— Aim of the exercise —
Copy the records below word for word, from the first line through the line that contains "#5=PRODUCT_RELATED_PRODUCT_CATEGORY('part','',(#4));", and leave out any pictures.

— Supplied records —
>>>

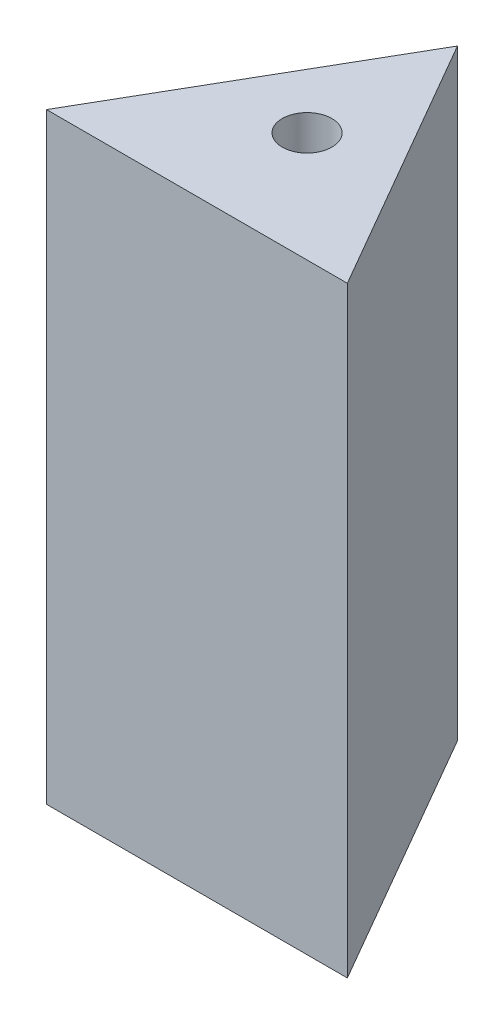
ISO-10303-21;
HEADER;
FILE_DESCRIPTION(('STEP AP214'),'2;1');
FILE_NAME('part.step','',(''),(''),'','','');
FILE_SCHEMA(('AUTOMOTIVE_DESIGN { 1 0 10303 214 1 1 1 1 }'));
ENDSEC;
DATA;
#1=APPLICATION_CONTEXT('core data for automotive mechanical design processes');
#2=APPLICATION_PROTOCOL_DEFINITION('international standard','automotive_design',2000,#1);
#3=PRODUCT_CONTEXT('',#1,'mechanical');
#4=PRODUCT('Part','Part','',(#3));
#5=PRODUCT_RELATED_PRODUCT_CATEGORY('part','',(#4));
#6=PRODUCT_DEFINITION_FORMATION('','',#4);
#7=PRODUCT_DEFINITION_CONTEXT('part definition',#1,'design');
#8=PRODUCT_DEFINITION('design','',#6,#7);
#9=PRODUCT_DEFINITION_SHAPE('','',#8);
#10=(LENGTH_UNIT() NAMED_UNIT(*) SI_UNIT(.MILLI.,.METRE.));
#11=(NAMED_UNIT(*) PLANE_ANGLE_UNIT() SI_UNIT($,.RADIAN.));
#12=(NAMED_UNIT(*) SI_UNIT($,.STERADIAN.) SOLID_ANGLE_UNIT());
#13=UNCERTAINTY_MEASURE_WITH_UNIT(LENGTH_MEASURE(1.E-05),#10,'distance_accuracy_value','');
#14=(GEOMETRIC_REPRESENTATION_CONTEXT(3) GLOBAL_UNCERTAINTY_ASSIGNED_CONTEXT((#13)) GLOBAL_UNIT_ASSIGNED_CONTEXT((#10,
#11,#12)) REPRESENTATION_CONTEXT('',''));
#15=CARTESIAN_POINT('',(0.,0.,0.));
#16=DIRECTION('',(0.,0.,1.));
#17=DIRECTION('',(1.,0.,0.));
#18=AXIS2_PLACEMENT_3D('',#15,#16,#17);
#19=CARTESIAN_POINT('',(0.,40.,0.));
#20=DIRECTION('',(-0.86602540378444,0.,-0.499999999999998));
#21=DIRECTION('',(-0.499999999999998,0.,0.86602540378444));
#22=AXIS2_PLACEMENT_3D('',#19,#20,#21);
#23=PLANE('',#22);
#24=CARTESIAN_POINT('',(4.99999999999998,35.,-8.6602540378444));
#25=DIRECTION('',(-0.86602540378444,0.,-0.499999999999998));
#26=DIRECTION('',(-0.499999999999998,0.,0.86602540378444));
#27=AXIS2_PLACEMENT_3D('',#24,#25,#26);
#28=CIRCLE('',#27,1.64999999999999);
#29=CARTESIAN_POINT('',(4.17499999999998,35.,-7.23131212160008));
#30=VERTEX_POINT('',#29);
#31=EDGE_CURVE('E112',#30,#30,#28,.T.);
#32=ORIENTED_EDGE('',*,*,#31,.F.);
#33=EDGE_LOOP('',(#32));
#34=FACE_BOUND('',#33,.T.);
#35=CARTESIAN_POINT('',(4.99999999999998,5.,-8.6602540378444));
#36=DIRECTION('',(-0.86602540378444,0.,-0.499999999999998));
#37=DIRECTION('',(-0.499999999999998,0.,0.86602540378444));
#38=AXIS2_PLACEMENT_3D('',#35,#36,#37);
#39=CIRCLE('',#38,1.64999999999999);
#40=CARTESIAN_POINT('',(4.17499999999999,5.,-7.23131212160008));
#41=VERTEX_POINT('',#40);
#42=EDGE_CURVE('E118',#41,#41,#39,.T.);
#43=ORIENTED_EDGE('',*,*,#42,.F.);
#44=EDGE_LOOP('',(#43));
#45=FACE_BOUND('',#44,.T.);
#46=DIRECTION('',(0.499999999999998,0.,-0.86602540378444));
#47=VECTOR('',#46,1.);
#48=CARTESIAN_POINT('',(0.,0.,0.));
#49=LINE('',#48,#47);
#50=CARTESIAN_POINT('',(0.,0.,0.));
#51=VERTEX_POINT('',#50);
#52=CARTESIAN_POINT('',(9.99999999999995,0.,-17.3205080756888));
#53=VERTEX_POINT('',#52);
#54=EDGE_CURVE('E147',#51,#53,#49,.T.);
#55=ORIENTED_EDGE('',*,*,#54,.F.);
#56=DIRECTION('',(0.,-1.,0.));
#57=VECTOR('',#56,1.);
#58=CARTESIAN_POINT('',(0.,40.,0.));
#59=LINE('',#58,#57);
#60=CARTESIAN_POINT('',(0.,40.,0.));
#61=VERTEX_POINT('',#60);
#62=EDGE_CURVE('E11',#61,#51,#59,.T.);
#63=ORIENTED_EDGE('',*,*,#62,.F.);
#64=DIRECTION('',(0.499999999999998,0.,-0.86602540378444));
#65=VECTOR('',#64,1.);
#66=CARTESIAN_POINT('',(0.,40.,0.));
#67=LINE('',#66,#65);
#68=CARTESIAN_POINT('',(9.99999999999995,40.,-17.3205080756888));
#69=VERTEX_POINT('',#68);
#70=EDGE_CURVE('E148',#61,#69,#67,.T.);
#71=ORIENTED_EDGE('',*,*,#70,.T.);
#72=DIRECTION('',(0.,-1.,0.));
#73=VECTOR('',#72,1.);
#74=CARTESIAN_POINT('',(9.99999999999995,40.,-17.3205080756888));
#75=LINE('',#74,#73);
#76=EDGE_CURVE('E72',#69,#53,#75,.T.);
#77=ORIENTED_EDGE('',*,*,#76,.T.);
#78=EDGE_LOOP('',(#55,#63,#71,#77));
#79=FACE_BOUND('',#78,.T.);
#80=ADVANCED_FACE('F48',(#34,#45,#79),#23,.T.);
#81=CARTESIAN_POINT('',(0.,40.,0.));
#82=DIRECTION('',(0.,0.,-1.));
#83=DIRECTION('',(-1.,0.,0.));
#84=AXIS2_PLACEMENT_3D('',#81,#82,#83);
#85=PLANE('',#84);
#86=DIRECTION('',(1.,0.,0.));
#87=VECTOR('',#86,1.);
#88=CARTESIAN_POINT('',(0.,0.,0.));
#89=LINE('',#88,#87);
#90=CARTESIAN_POINT('',(20.,0.,0.));
#91=VERTEX_POINT('',#90);
#92=EDGE_CURVE('E159',#51,#91,#89,.T.);
#93=ORIENTED_EDGE('',*,*,#92,.T.);
#94=DIRECTION('',(0.,-1.,0.));
#95=VECTOR('',#94,1.);
#96=CARTESIAN_POINT('',(20.,40.,0.));
#97=LINE('',#96,#95);
#98=CARTESIAN_POINT('',(20.,40.,0.));
#99=VERTEX_POINT('',#98);
#100=EDGE_CURVE('E63',#99,#91,#97,.T.);
#101=ORIENTED_EDGE('',*,*,#100,.F.);
#102=DIRECTION('',(1.,0.,0.));
#103=VECTOR('',#102,1.);
#104=CARTESIAN_POINT('',(0.,40.,0.));
#105=LINE('',#104,#103);
#106=EDGE_CURVE('E151',#61,#99,#105,.T.);
#107=ORIENTED_EDGE('',*,*,#106,.F.);
#108=ORIENTED_EDGE('',*,*,#62,.T.);
#109=EDGE_LOOP('',(#93,#101,#107,#108));
#110=FACE_BOUND('',#109,.T.);
#111=ADVANCED_FACE('F201',(#110),#85,.F.);
#112=CARTESIAN_POINT('',(15.,40.,-8.6602540378444));
#113=DIRECTION('',(0.866025403784438,0.,-0.500000000000001));
#114=DIRECTION('',(-0.500000000000001,0.,-0.866025403784438));
#115=AXIS2_PLACEMENT_3D('',#112,#113,#114);
#116=PLANE('',#115);
#117=DIRECTION('',(0.500000000000001,0.,0.866025403784438));
#118=VECTOR('',#117,1.);
#119=CARTESIAN_POINT('',(15.,0.,-8.6602540378444));
#120=LINE('',#119,#118);
#121=EDGE_CURVE('E152',#53,#91,#120,.T.);
#122=ORIENTED_EDGE('',*,*,#121,.F.);
#123=ORIENTED_EDGE('',*,*,#76,.F.);
#124=DIRECTION('',(0.500000000000001,0.,0.866025403784438));
#125=VECTOR('',#124,1.);
#126=CARTESIAN_POINT('',(15.,40.,-8.6602540378444));
#127=LINE('',#126,#125);
#128=EDGE_CURVE('E154',#69,#99,#127,.T.);
#129=ORIENTED_EDGE('',*,*,#128,.T.);
#130=ORIENTED_EDGE('',*,*,#100,.T.);
#131=EDGE_LOOP('',(#122,#123,#129,#130));
#132=FACE_BOUND('',#131,.T.);
#133=ADVANCED_FACE('F206',(#132),#116,.T.);
#134=CARTESIAN_POINT('',(0.,40.,0.));
#135=DIRECTION('',(0.,1.,0.));
#136=DIRECTION('',(0.,0.,1.));
#137=AXIS2_PLACEMENT_3D('',#134,#135,#136);
#138=PLANE('',#137);
#139=CARTESIAN_POINT('',(9.99999999999995,40.,-7.3205080756888));
#140=DIRECTION('',(0.,1.,0.));
#141=DIRECTION('',(0.,0.,1.));
#142=AXIS2_PLACEMENT_3D('',#139,#140,#141);
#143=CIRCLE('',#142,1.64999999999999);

<<<

— Expected answer —
ISO-10303-21;
HEADER;
FILE_DESCRIPTION(('STEP AP214'),'2;1');
FILE_NAME('part.step','',(''),(''),'','','');
FILE_SCHEMA(('AUTOMOTIVE_DESIGN { 1 0 10303 214 1 1 1 1 }'));
ENDSEC;
DATA;
#1=APPLICATION_CONTEXT('core data for automotive mechanical design processes');
#2=APPLICATION_PROTOCOL_DEFINITION('international standard','automotive_design',2000,#1);
#3=PRODUCT_CONTEXT('',#1,'mechanical');
#4=PRODUCT('Part','Part','',(#3));
#5=PRODUCT_RELATED_PRODUCT_CATEGORY('part','',(#4));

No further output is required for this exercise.